Killing a big tree isn’t easy. A good systemic disease can do it; a saw can do it, though a ton of tree and plant varieties can be regrown from roots and even cuttings, e.g. just some branch. You have to really try. In some cases, if you saw a tree down you still need to excavate the root system with it to keep the thing from eventually coming back. Figure some trees can put down roots as deep as they are tall—roots that have been known to wreck building foundations, among other things—and that is some resilience.
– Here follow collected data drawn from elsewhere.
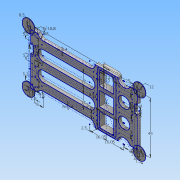
# Autodesk Inventor part: Core_top-im
Saved by Autodesk Inventor 2016 (Build 200138000, 138)
## iProperties
Created: 2015-08-27
Part Number: Core_top-im
Material: Generic
Document SubType Name: Modeling
Designer: Openlab
Density: 1 g/cm^3
Appearance: Default
Mass: 6.14664 g
Surface Area: 82.7104 cm^2
Volume: 6.14664 cm^3
Author: Openlab
Autodesk Inventor part; units mm, degrees
ref_plane "YZ Plane" through (0, 0, 0) normal (1, 0, 0) x (0, 1, 0)
ref_plane "XZ Plane" through (0, 0, 0) normal (0, 1, 0) x (-1, 0, 0)
ref_plane "XY Plane" through (0, 0, 0) normal (0, 0, 1) x (1, 0, 0)
sketch "Sketch1" plane through (0, 0, 0) normal (0, 1, 0) x (-1, 0, 0)
  line L0 (6.75, 23.75) -> (-6.75, 23.75)
  line L1 (-6.75, 23.75) -> (-6.75, 10.25)
  line L2 (-6.75, 10.25) -> (6.75, 10.25)
  line L3 (6.75, 10.25) -> (6.75, 23.75)
  line L4 (56.9183, 17) -> (21.35, 17) construction
  line L5 (69.8, -24.5) -> (69.8, -20.1) construction
  line L6 (-26.8, 24.5) -> (-26.8, -24.5) construction
  line L7 (9.25, 15.5) -> (6.75, 15.5) construction
  line L8 (6.75, 18.5) -> (9.25, 18.5) construction
  line L9 (-6.75, 15.5) -> (-9.25, 15.5) construction
  line L10 (-9.25, 18.5) -> (-6.75, 18.5) construction
  line L11 (-12.05, 18.5) -> (-24.5, 18.5) construction
  line L12 (-12.05, 15.5) -> (-24.5, 15.5) construction
  line L13 (-31, 8.5) -> (74, 8.5) construction
  line L14 (67.5, 20.5) -> (66, 20.5) construction
  line L15 (66, 13.5) -> (67.5, 13.5) construction
  line L16 (-31, 26) -> (-31, -26) construction
  line L17 (21.35, -8.5) -> (74, -8.5) construction
  line L18 (0, 20.0147) -> (0, -26) construction
  line L19 (56.8064, 0) -> (21.35, 0) construction
  line L20 (-6.75, 6.75) -> (-6.75, -6.75)
  line L21 (6.75, 6.75) -> (-6.75, 6.75)
  line L22 (6.75, -6.75) -> (6.75, 6.75)
  line L23 (-6.75, -6.75) -> (6.75, -6.75)
  line L24 (6.75, 1.5) -> (9.25, 1.5) construction
  line L25 (9.25, -1.5) -> (6.75, -1.5) construction
  line L26 (67.5, 3.5) -> (66, 3.5) construction
  line L27 (66, -3.5) -> (67.5, -3.5) construction
  line L28 (-6.75, -10.25) -> (-6.75, -23.75)
  line L29 (6.75, -10.25) -> (-6.75, -10.25)
  line L30 (6.75, -23.75) -> (6.75, -10.25)
  line L31 (-6.75, -23.75) -> (6.75, -23.75)
  line L32 (56.3008, -17) -> (21.35, -17) construction
  line L33 (67.5, -13.5) -> (66, -13.5) construction
  line L34 (66, -20.5) -> (67.5, -20.5) construction
  line L35 (9.25, -18.5) -> (6.75, -18.5) construction
  line L36 (6.75, -15.5) -> (9.25, -15.5) construction
  line L37 (74, 5) -> (72.5, 5) construction
  line L38 (69.8, 12) -> (72.5, 12) construction
  line L39 (-9.25, -15.5) -> (-6.75, -15.5) construction
  line L40 (-6.75, -18.5) -> (-9.25, -18.5) construction
  line L41 (-12.05, -18.5) -> (-24.5, -18.5) construction
  line L42 (-9.25, 1.5) -> (-6.75, 1.5) construction
  line L43 (-6.75, -1.5) -> (-9.25, -1.5) construction
  line L44 (-12.05, -1.5) -> (-24.5, -1.5) construction
  line L45 (-29.5, 5) -> (-31, 5) construction
  line L46 (-31, 12) -> (-29.5, 12) construction
  line L47 (67.5, 5.5) -> (66, 5.5) construction
  line L48 (66, 5.5) -> (66, 11.5) construction
  line L49 (66, 11.5) -> (67.5, 11.5) construction
  line L50 (-24.5, 5.5) -> (-23.5, 5.5) construction
  line L51 (-23.5, 5.5) -> (-23.5, 11.5) construction
  line L52 (-23.5, 11.5) -> (-24.5, 11.5) construction
  line L53 (-25, 24.5) -> (-25, 19) construction
  line L54 (-25, 5) -> (-25, 2) construction
  arc A0 (16.05, 13.5) -> (16.05, 3.5) centre (16.05, 8.5) ccw
  arc A1 (60, 3.5) -> (60, 13.5) centre (60, 8.5) ccw
  arc A2 (16.05, -3.5) -> (16.05, -13.5) centre (16.05, -8.5) ccw
  arc A3 (60, -13.5) -> (60, -3.5) centre (60, -8.5) ccw
  line L55 (16.05, 13.5) -> (60, 13.5)
  line L56 (16.05, 3.5) -> (60, 3.5)
  line L57 (16.05, -3.5) -> (60, -3.5)
  line L58 (16.05, -13.5) -> (60, -13.5)
  arc A4 (-16.05, -13.5) -> (-16.05, -3.5) centre (-16.05, -8.5) ccw
  line L59 (72.5, -24.5) -> (72.5, -19.6) construction
  line L60 (-29.5, 24.5) -> (-29.5, 12) construction
  arc A5 (-17, -3.5) -> (-17, -13.5) centre (-17, -8.5) ccw
  arc A6 (-17, 13.5) -> (-17, 3.5) centre (-17, 8.5) ccw
  line L61 (-16.05, -13.5) -> (-17, -13.5)
  line L62 (-17, -3.5) -> (-16.05, -3.5)
  line L63 (-17, 3.5) -> (-16.05, 3.5)
  line L64 (-16.05, 13.5) -> (-17, 13.5)
  arc A7 (-16.05, 3.5) -> (-16.05, 13.5) centre (-16.05, 8.5) ccw
  line L65 (58.8763, -15.5) -> (12.05, -15.5) construction
  line L66 (58.8763, -18.5) -> (12.05, -18.5) construction
  line L67 (58.8763, -1.5) -> (12.05, -1.5) construction
  line L68 (58.8763, 1.5) -> (12.05, 1.5) construction
  line L69 (58.8763, 15.5) -> (12.05, 15.5) construction
  line L70 (58.8763, 18.5) -> (12.05, 18.5) construction
  arc A8 (61, -14.4) -> (58.8763, -15.5) centre (61, -17) ccw construction
  arc A9 (58.8763, -18.5) -> (61, -19.6) centre (61, -17) ccw construction
  arc A10 (61, 2.6) -> (58.8763, 1.5) centre (61, 0) ccw construction
  arc A11 (58.8763, -1.5) -> (61, -2.6) centre (61, 0) ccw construction
  arc A12 (61, 19.6) -> (58.8763, 18.5) centre (61, 17) ccw construction
  arc A13 (58.8763, 15.5) -> (61, 14.4) centre (61, 17) ccw construction
  arc A14 (63.5, -26) -> (60, -22.5) centre (60, -26) ccw construction
  arc A15 (16.05, -22.5) -> (12.55, -26) centre (16.05, -26) ccw construction
  arc A16 (64.7697, -24.5) -> (60, -21) centre (60, -26) ccw construction
  line L71 (60, -21) -> (16.05, -21) construction
  line L72 (63.5, -26) -> (74, -26) construction
  line L73 (60, -22.5) -> (16.05, -22.5) construction
  arc A17 (16.05, -21) -> (11.2803, -24.5) centre (16.05, -26) ccw construction
  arc A18 (11.2803, 24.5) -> (16.05, 21) centre (16.05, 26) ccw construction
  arc A19 (12.55, 26) -> (16.05, 22.5) centre (16.05, 26) ccw construction
  line L74 (60, 22.5) -> (16.05, 22.5) construction
  line L75 (60, 21) -> (16.05, 21) construction
  line L76 (64.7697, 24.5) -> (69.8, 24.5) construction
  line L77 (74, 26) -> (63.5, 26) construction
  arc A20 (60, 22.5) -> (63.5, 26) centre (60, 26) ccw construction
  arc A21 (60, 21) -> (64.7697, 24.5) centre (60, 26) ccw construction
  arc A22 (-12.55, -26) -> (-16.05, -22.5) centre (-16.05, -26) ccw construction
  arc A23 (-17, -22.5) -> (-20.5, -26) centre (-17, -26) ccw construction
  line L78 (-16.05, -21) -> (-17, -21) construction
  line L79 (-16.05, -22.5) -> (-17, -22.5) construction
  arc A24 (-17, -21) -> (-21.7697, -24.5) centre (-17, -26) ccw construction
  arc A25 (-11.2803, -24.5) -> (-16.05, -21) centre (-16.05, -26) ccw construction
  line L80 (11.2803, -24.5) -> (-11.2803, -24.5) construction
  line L81 (-21.7697, -24.5) -> (-29.5, -24.5) construction
  line L82 (-31, -26) -> (-20.5, -26) construction
  line L83 (-12.55, -26) -> (12.55, -26) construction
  line L84 (-16.05, 21) -> (-17, 21) construction
  line L85 (-16.05, 22.5) -> (-17, 22.5) construction
  arc A26 (-20.5, 26) -> (-17, 22.5) centre (-17, 26) ccw construction
  arc A27 (-16.05, 22.5) -> (-12.55, 26) centre (-16.05, 26) ccw construction
  arc A28 (-21.7697, 24.5) -> (-17, 21) centre (-17, 26) ccw construction
  arc A29 (-16.05, 21) -> (-11.2803, 24.5) centre (-16.05, 26) ccw construction
  line L86 (12.55, 26) -> (-12.55, 26) construction
  line L87 (-20.5, 26) -> (-31, 26) construction
  line L88 (-29.5, 24.5) -> (-21.7697, 24.5) construction
  line L89 (-11.2803, 24.5) -> (11.2803, 24.5) construction
  line L90 (11.2803, -24.5) -> (11.2803, -26) construction
  line L91 (-11.2803, -24.5) -> (-11.2803, -26) construction
  line L92 (-11.2803, 24.5) -> (-11.2803, 26) construction
  line L93 (11.2803, 24.5) -> (11.2803, 26) construction
  line L94 (72.5, 12) -> (74, 12) construction
  line L95 (72.5, 5) -> (69.8, 5) construction
  line L96 (-26.8, 12) -> (-29.5, 12) construction
  line L97 (-26.8, 5) -> (-29.5, 5) construction
  line L98 (11.55, -21) -> (9.75, -21) construction
  line L99 (9.75, -13) -> (11.55, -13) construction
  line L100 (11.55, -4) -> (9.75, -4) construction
  line L101 (9.75, 4) -> (11.55, 4) construction
  line L102 (11.55, 13) -> (9.75, 13) construction
  line L103 (9.75, 21) -> (11.55, 21) construction
  line L104 (-9.75, -21) -> (-11.55, -21) construction
  line L105 (-11.55, -13) -> (-9.75, -13) construction
  line L106 (-9.75, -4) -> (-11.55, -4) construction
  line L107 (-11.55, 4) -> (-9.75, 4) construction
  line L108 (-9.75, 13) -> (-11.55, 13) construction
  line L109 (-11.55, 21) -> (-9.75, 21) construction
  line L110 (11.55, -13) -> (11.55, -15) construction
  line L111 (11.55, -19) -> (11.55, -21) construction
  line L112 (9.75, -21) -> (9.75, -19) construction
  line L113 (9.75, -15) -> (9.75, -13) construction
  line L114 (11.55, 4) -> (11.55, 2) construction
  line L115 (11.55, -2) -> (11.55, -4) construction
  line L116 (9.75, -4) -> (9.75, -2) construction
  line L117 (9.75, 2) -> (9.75, 4) construction
  line L118 (11.55, 21) -> (11.55, 19) construction
  line L119 (11.55, 15) -> (11.55, 13) construction
  line L120 (9.75, 13) -> (9.75, 15) construction
  line L121 (9.75, 19) -> (9.75, 21) construction
  line L122 (-9.75, -13) -> (-9.75, -15) construction
  line L123 (-9.75, -19) -> (-9.75, -21) construction
  line L124 (-11.55, -21) -> (-11.55, -19) construction
  line L125 (-11.55, -15) -> (-11.55, -13) construction
  line L126 (-9.75, 4) -> (-9.75, 2) construction
  line L127 (-9.75, -2) -> (-9.75, -4) construction
  line L128 (-11.55, -4) -> (-11.55, -2) construction
  line L129 (-11.55, 2) -> (-11.55, 4) construction
  line L130 (-9.75, 21) -> (-9.75, 19) construction
  line L131 (-9.75, 15) -> (-9.75, 13) construction
  line L132 (-11.55, 13) -> (-11.55, 15) construction
  line L133 (-11.55, 19) -> (-11.55, 21) construction
  line L134 (67.5, -11.5) -> (66, -11.5) construction
  line L135 (66, -11.5) -> (66, -5.5) construction
  line L136 (66, -5.5) -> (67.5, -5.5) construction
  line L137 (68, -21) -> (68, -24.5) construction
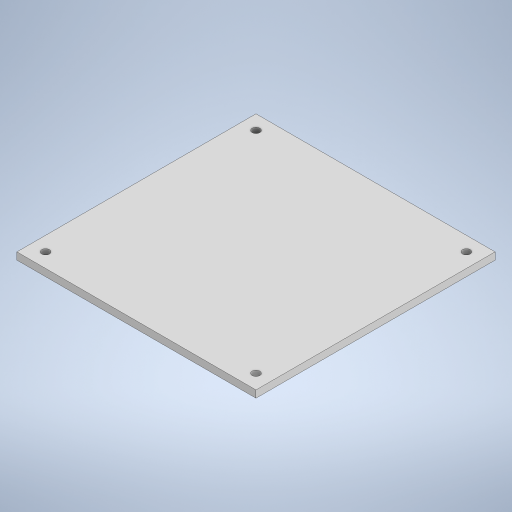
# Autodesk Inventor part: TopPlate
Saved by Autodesk Inventor 2023 (Build 270158000, 158)
## iProperties
Created: 2022-07-23
Part Number: TopPlate
Material: Generic
Document SubType Name: Modeling
Designer: Aditya Bansal
Density: 1 g/cm^3
Appearance: Default
Author: Aditya Bansal
Autodesk Inventor part; units mm, degrees
ref_plane "YZ Plane" through (0, 0, 0) normal (1, 0, 0) x (0, 1, 0)
ref_plane "XZ Plane" through (0, 0, 0) normal (0, 1, 0) x (-1, 0, 0)
ref_plane "XY Plane" through (0, 0, 0) normal (0, 0, 1) x (1, 0, 0)
sketch "Sketch1" plane through (0, 0, 0) normal (0, 1, 0) x (-1, 0, 0)
  line L0 (0, 0) -> (100, 0)
  line L1 (100, 0) -> (100, -100)
  line L2 (100, -100) -> (0, -100)
  line L3 (0, -100) -> (0, 0)
  line L4 (100, 0) -> (97, 0) construction
  line L5 (97, 0) -> (97, -100) construction
  line L6 (97, -100) -> (100, -100) construction
  line L7 (100, -100) -> (100, 0) construction
  line L8 (97, 0) -> (3, 0) construction
  line L9 (3, 0) -> (3, -3) construction
  line L10 (3, -3) -> (97, -3) construction
  line L11 (97, -3) -> (97, 0) construction
  line L12 (3, 0) -> (0, 0) construction
  line L13 (0, 0) -> (0, -100) construction
  line L14 (0, -100) -> (3, -100) construction
  line L15 (3, -100) -> (3, 0) construction
  line L16 (3, -100) -> (97, -100) construction
  line L17 (97, -100) -> (97, -97) construction
  line L18 (97, -97) -> (3, -97) construction
  line L19 (3, -97) -> (3, -100) construction
  line L20 (97, -3) -> (91, -3) construction
  line L21 (91, -3) -> (91, -9) construction
  line L22 (91, -9) -> (97, -9) construction
  line L23 (97, -9) -> (97, -3) construction
  line L24 (97, -97) -> (91, -97) construction
  line L25 (91, -97) -> (91, -91) construction
  line L26 (91, -91) -> (97, -91) construction
  line L27 (97, -91) -> (97, -97) construction
  line L28 (3, -3) -> (9, -3) construction
  line L29 (9, -3) -> (9, -9) construction
  line L30 (9, -9) -> (3, -9) construction
  line L31 (3, -9) -> (3, -3) construction
  line L32 (3, -97) -> (9, -97) construction
  line L33 (9, -97) -> (9, -91) construction
  line L34 (9, -91) -> (3, -91) construction
  line L35 (3, -91) -> (3, -97) construction
  circle A0 centre (94, -6) radius 1.6
  circle A1 centre (94, -94) radius 1.6
  circle A2 centre (6, -6) radius 1.6
  circle A3 centre (6, -94) radius 1.6
  point P0 (91, -6)
  point P1 (94, -9)
  point P2 (9, -6)
  point P3 (6, -9)
  point P4 (91, -94)
  point P5 (94, -91)
  dimension "d0" = 100
  dimension "d2" = 3
  dimension "d3" = 6
  dimension "d4" = 3.2
  constraints: 72 end point, 18 parallel, 11 equal length, 9 horizontal, 9 perpendicular, 6 midpoint, 4 centre point, 4 horizontal alignment, 4 vertical alignment, 3 equal radius, 2 point on line
  measures "d0" distance of L1.end L2.end
  measures "d2" distance between parallel lines of L0 L10
  measures "d3" distance of L20.end L21.end
  measures "d4" diameter of A0
extrude "Extrusion1" add sketch "Sketch1" along normal blind 3
body "Solid1"

A parks department in Hong Kong, however, managed to kill a 400-year-old banyan tree without even trying. The tree, known as 'King Banyan', is the city’s oldest, dating back to the Qing dynasty. It stands over 70 feet tall and spreads laterally another 70 feet. King Banyan survived a 2007 typhoon that tore off a full third of the beast, but its demise comes courtesy of “improper park design.” In 1989, a portion of the park was filled in with concrete and additional soil to make it level. The concrete essentially starved and suffocated the tree, preventing oxygen, water, and nutrients from getting to its roots.
"Burying trees with compacted soil and concrete will not give you a strong tree," Hong Kong University’s Jim Chi-yung told AFP. King Banyan remains alive, but it’s slated for removal in September. The weakened and suffocating tree succumbed to a fungal infection, which now threatens other trees in the area, hence the removal. Roots suffering from the infection, brown root rot disease, typically must be incinerated to prevent the fungus from spreading.
"No other banyan tree was as old as this one, none was as big as this one," said Jim. “The whole saga is avoidable and unnecessary. It is a very sad picture."